Voorzie per thema een grote envelop met het thema duidelijk op de voorkant.
Leg blanco indexkaartjes of post-its klaar (voor online: werk met digitale kaartjes op Whiteboard)
Stap-voor-stap
1. Reflectie
Toon alle thema-enveloppen op tafel of digitaal.
Vraag deelnemers: “Kijk naar deze thema’s. Welke vragen leven er bij jou over één of meerdere van deze onderwerpen?”
Elke deelnemer schrijft één vraag per kaartje (meerdere kaartjes mogen).
Alle vragen gaan vervolgens in de corresponderende envelop.
Optioneel: geef als richtlijn vijf soorten vragen, bv.
Wat begrijp ik nog niet?
Wat zou ik hierover willen leren?
Wat gebeurt er als…?
Waarom vinden mensen dit lastig?
Wat werkt in mijn ervaring?
2. Delen
Schud de kaartjes per envelop. Iedere deelnemer krijgt enkele willekeurige vragen uit een envelop die niet van henzelf is.
In duo’s of trio’s bespreken ze de vraag die hen het meest intrigeert:
Waarom is dit een interessante vraag?
Wat zou een mogelijk antwoord zijn?
Welke andere vragen roept dit op?
3. Synthese & Presentatie
Elk groepje kiest één vraag die ze willen presenteren.

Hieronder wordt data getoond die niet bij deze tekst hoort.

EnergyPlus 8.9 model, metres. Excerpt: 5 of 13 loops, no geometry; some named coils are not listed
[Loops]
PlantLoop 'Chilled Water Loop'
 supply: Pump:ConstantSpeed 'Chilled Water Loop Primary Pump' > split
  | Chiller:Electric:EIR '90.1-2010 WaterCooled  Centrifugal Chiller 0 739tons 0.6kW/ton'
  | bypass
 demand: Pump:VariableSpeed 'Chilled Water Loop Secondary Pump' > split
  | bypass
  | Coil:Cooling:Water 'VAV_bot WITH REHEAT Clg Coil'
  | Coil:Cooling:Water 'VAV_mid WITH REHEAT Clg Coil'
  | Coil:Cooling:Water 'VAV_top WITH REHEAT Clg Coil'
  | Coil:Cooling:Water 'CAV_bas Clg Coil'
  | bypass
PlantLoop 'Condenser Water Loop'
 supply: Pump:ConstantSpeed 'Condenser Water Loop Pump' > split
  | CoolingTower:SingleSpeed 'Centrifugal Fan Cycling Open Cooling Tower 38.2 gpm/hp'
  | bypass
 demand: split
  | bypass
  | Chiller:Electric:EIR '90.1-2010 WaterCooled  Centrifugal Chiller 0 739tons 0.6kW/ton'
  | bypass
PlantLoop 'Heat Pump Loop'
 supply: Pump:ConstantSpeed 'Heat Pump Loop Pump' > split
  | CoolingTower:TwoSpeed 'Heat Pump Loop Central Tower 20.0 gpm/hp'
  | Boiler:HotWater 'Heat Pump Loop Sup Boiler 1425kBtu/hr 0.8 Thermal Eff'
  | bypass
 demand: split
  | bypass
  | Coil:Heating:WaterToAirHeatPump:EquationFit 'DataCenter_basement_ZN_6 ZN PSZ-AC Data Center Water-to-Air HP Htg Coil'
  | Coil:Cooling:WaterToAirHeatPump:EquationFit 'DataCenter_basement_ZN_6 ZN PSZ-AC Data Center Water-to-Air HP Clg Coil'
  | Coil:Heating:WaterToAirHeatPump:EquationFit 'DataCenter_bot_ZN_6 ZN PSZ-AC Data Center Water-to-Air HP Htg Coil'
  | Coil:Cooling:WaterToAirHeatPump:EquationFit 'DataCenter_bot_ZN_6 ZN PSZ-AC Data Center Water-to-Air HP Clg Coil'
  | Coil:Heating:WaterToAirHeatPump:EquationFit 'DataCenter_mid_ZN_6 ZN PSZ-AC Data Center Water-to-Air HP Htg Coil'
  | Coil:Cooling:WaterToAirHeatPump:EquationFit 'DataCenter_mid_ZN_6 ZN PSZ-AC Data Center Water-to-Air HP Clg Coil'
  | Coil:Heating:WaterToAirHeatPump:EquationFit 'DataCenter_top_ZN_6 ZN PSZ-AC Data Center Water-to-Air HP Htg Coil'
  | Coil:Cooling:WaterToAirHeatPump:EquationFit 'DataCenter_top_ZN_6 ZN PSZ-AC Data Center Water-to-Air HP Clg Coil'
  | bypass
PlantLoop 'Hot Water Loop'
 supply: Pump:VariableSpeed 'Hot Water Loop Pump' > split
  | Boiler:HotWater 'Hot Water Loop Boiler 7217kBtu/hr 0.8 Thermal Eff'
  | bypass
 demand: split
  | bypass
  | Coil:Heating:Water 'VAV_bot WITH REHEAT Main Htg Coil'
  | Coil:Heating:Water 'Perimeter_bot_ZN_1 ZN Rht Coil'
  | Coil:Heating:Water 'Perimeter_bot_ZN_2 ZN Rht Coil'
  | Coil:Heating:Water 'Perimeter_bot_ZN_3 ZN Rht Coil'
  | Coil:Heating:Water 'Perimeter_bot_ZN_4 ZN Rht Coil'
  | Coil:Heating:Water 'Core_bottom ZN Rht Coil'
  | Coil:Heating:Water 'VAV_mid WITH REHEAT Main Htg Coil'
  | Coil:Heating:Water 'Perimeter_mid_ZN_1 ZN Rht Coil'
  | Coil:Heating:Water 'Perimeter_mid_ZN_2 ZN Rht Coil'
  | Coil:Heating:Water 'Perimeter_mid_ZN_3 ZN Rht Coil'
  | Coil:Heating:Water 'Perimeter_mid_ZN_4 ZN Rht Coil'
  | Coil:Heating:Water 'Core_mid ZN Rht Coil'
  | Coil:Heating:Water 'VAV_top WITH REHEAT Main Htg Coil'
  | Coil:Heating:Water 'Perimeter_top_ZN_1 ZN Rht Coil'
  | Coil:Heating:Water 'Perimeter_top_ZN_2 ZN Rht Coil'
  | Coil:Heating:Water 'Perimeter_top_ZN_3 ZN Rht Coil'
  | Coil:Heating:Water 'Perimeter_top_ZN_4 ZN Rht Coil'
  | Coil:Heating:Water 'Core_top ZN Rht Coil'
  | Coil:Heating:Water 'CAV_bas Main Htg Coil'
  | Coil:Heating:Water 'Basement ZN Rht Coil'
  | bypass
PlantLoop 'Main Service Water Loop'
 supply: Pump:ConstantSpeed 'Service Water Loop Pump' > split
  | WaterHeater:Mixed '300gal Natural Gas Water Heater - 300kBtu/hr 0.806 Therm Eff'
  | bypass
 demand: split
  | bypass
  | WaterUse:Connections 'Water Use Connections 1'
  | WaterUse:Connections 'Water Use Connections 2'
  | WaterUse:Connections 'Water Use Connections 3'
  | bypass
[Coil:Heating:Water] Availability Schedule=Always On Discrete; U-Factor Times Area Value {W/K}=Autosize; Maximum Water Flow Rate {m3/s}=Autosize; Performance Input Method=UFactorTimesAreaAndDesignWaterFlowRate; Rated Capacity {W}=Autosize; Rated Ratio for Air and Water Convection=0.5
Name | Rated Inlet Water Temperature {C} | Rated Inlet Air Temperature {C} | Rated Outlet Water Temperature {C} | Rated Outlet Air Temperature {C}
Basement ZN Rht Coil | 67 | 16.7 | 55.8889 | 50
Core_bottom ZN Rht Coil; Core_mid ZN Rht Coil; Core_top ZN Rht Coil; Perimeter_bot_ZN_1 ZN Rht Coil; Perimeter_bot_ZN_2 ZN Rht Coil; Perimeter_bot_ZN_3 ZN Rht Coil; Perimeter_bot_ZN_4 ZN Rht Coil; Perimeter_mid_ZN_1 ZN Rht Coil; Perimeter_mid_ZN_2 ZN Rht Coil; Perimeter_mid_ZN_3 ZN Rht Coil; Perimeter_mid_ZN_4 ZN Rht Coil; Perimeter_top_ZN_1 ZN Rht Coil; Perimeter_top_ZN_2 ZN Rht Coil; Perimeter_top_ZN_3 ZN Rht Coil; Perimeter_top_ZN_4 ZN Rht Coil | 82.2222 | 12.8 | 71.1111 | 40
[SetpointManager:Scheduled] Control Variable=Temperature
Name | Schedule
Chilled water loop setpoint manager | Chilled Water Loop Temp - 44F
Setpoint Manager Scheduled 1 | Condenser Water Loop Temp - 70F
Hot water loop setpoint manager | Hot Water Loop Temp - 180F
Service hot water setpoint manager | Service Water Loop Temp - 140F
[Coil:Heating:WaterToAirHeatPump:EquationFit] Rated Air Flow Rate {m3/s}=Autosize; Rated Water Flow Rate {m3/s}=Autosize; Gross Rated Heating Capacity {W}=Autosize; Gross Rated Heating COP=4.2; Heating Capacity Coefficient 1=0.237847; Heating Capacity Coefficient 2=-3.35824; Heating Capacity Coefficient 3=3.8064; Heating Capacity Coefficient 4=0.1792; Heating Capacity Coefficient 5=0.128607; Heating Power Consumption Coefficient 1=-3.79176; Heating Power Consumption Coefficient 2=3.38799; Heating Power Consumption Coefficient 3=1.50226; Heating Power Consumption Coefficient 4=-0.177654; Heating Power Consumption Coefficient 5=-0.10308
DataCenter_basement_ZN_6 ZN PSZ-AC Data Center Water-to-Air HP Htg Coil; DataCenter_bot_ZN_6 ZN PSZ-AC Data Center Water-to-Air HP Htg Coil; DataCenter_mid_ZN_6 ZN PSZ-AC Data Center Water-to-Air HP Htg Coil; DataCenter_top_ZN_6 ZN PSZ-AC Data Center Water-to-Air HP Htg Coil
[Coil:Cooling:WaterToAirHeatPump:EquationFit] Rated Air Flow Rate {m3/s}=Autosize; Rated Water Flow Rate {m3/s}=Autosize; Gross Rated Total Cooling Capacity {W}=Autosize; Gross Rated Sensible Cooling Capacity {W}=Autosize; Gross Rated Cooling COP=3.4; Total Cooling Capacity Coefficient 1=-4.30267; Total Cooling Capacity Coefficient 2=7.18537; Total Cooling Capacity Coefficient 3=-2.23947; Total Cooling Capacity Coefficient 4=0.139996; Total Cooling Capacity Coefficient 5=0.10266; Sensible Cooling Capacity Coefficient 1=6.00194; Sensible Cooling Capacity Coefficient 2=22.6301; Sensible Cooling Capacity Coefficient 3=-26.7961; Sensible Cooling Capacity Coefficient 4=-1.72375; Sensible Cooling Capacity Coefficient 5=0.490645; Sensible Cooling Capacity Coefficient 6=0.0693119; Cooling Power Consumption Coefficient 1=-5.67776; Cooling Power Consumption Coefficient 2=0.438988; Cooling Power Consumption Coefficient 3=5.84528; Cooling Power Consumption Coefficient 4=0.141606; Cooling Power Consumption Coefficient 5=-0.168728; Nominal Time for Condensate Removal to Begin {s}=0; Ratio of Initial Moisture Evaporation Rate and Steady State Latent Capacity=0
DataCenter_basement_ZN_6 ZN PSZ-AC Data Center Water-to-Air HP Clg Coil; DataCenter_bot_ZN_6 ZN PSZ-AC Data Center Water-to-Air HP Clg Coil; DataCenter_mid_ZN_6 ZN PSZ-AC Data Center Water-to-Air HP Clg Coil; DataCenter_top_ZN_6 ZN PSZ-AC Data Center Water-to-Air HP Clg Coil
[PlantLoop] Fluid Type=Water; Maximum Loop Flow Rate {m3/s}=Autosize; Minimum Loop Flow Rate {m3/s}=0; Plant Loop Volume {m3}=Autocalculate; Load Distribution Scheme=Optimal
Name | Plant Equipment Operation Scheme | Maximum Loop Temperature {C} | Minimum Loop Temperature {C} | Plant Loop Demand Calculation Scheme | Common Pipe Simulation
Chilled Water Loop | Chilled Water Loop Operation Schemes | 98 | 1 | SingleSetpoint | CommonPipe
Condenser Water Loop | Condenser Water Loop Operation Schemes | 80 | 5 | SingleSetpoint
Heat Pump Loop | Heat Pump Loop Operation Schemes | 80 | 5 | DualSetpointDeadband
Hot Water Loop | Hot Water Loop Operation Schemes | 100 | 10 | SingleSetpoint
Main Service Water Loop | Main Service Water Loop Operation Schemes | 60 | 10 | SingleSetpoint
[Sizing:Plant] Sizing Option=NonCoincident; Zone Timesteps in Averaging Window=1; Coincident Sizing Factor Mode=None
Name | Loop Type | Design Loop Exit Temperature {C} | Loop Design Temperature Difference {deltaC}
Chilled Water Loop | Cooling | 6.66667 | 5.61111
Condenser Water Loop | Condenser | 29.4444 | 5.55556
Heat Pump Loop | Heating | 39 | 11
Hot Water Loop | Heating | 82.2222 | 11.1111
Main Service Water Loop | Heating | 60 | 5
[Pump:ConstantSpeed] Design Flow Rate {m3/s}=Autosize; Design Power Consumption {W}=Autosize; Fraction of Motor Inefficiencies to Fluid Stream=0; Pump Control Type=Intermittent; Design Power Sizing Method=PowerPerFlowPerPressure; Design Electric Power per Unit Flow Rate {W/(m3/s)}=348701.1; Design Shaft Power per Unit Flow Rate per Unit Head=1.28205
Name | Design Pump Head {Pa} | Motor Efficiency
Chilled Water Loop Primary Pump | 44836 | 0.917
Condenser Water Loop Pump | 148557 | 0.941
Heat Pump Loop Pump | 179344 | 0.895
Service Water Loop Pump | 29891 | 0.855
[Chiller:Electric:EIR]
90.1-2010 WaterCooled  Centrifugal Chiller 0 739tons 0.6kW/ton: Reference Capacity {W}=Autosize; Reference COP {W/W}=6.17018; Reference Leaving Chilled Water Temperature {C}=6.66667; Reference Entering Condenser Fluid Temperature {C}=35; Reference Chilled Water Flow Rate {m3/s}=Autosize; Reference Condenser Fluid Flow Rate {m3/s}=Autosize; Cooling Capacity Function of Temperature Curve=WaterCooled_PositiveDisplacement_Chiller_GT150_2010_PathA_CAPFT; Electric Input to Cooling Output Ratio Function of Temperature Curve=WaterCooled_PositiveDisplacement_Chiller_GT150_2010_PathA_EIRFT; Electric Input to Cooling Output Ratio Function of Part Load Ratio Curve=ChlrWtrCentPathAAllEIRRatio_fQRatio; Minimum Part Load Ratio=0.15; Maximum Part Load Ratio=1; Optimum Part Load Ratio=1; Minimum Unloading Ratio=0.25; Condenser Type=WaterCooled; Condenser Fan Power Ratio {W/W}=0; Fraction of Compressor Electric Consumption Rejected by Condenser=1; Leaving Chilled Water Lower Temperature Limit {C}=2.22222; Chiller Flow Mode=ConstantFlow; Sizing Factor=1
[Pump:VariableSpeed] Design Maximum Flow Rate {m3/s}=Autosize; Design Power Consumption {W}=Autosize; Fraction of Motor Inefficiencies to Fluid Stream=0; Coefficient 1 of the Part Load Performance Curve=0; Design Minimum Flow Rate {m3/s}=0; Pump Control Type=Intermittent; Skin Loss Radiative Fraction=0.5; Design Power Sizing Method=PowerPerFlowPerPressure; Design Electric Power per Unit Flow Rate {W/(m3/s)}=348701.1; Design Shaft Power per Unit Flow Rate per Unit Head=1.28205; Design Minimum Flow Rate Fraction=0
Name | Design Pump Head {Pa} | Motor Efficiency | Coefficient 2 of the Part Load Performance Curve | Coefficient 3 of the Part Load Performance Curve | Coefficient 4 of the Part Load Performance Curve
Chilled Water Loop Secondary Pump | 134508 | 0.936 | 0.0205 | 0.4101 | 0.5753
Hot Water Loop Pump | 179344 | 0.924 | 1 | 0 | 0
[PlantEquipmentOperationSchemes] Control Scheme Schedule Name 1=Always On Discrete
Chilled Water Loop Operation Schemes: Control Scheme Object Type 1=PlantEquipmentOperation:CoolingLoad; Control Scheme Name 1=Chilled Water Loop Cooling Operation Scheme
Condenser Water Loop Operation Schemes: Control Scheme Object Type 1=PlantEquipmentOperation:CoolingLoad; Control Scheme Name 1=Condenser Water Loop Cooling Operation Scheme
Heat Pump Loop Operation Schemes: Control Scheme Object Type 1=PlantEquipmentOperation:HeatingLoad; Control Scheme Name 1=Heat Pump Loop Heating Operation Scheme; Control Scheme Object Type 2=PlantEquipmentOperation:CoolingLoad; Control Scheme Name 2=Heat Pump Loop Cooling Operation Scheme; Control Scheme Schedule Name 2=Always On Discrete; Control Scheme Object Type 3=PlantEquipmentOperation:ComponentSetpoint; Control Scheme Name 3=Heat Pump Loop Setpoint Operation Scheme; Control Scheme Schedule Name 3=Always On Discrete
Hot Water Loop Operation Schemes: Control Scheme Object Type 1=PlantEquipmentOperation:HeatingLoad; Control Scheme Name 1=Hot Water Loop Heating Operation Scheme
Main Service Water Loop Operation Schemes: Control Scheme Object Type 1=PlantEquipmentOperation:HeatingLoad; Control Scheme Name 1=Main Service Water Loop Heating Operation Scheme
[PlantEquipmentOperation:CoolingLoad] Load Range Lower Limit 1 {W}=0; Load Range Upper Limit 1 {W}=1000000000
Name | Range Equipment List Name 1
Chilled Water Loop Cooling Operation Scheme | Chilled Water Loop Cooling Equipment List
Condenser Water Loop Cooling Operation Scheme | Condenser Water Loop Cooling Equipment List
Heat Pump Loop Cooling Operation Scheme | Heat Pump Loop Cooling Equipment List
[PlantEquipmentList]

Ze formuleren er een korte uitleg of verkenning bij: waarom deze vraag, wat hebben ze al bedacht, waar zitten nog blinde vlekken?
Presentatie aan de hele groep — als vraag en als reflectie.
4. Debriefing
Welke vragen triggerden je vandaag?
Wat is het verschil tussen een boeiende en een gesloten vraag?
Hoe kun je deze vragen inzetten als kapstok tijdens de rest van de training?
Volgende stappen
Gebruik de enveloppen verder doorheen de training als referentiepunten:➤ “We gaan het nu hebben over Feedback. Kijk even welke vragen in die envelop zitten.”
Laat deelnemers op het einde antwoorden formuleren op vragen die zij eerder trokken.
De vragen kunnen ook dienen als input voor casussen, rollenspelen of simulaties.
Variaties
Thema’s opbouwen: Laat deelnemers eerst samen de thema’s bepalen, en maak dan pas de enveloppen.
Expertvragen: Laat na de activiteit een expert enkele vragen beantwoorden of challengen.
Visueel: Laat deelnemers hun gekozen vraag visueel voorstellen (metafoor, beeld, strip...).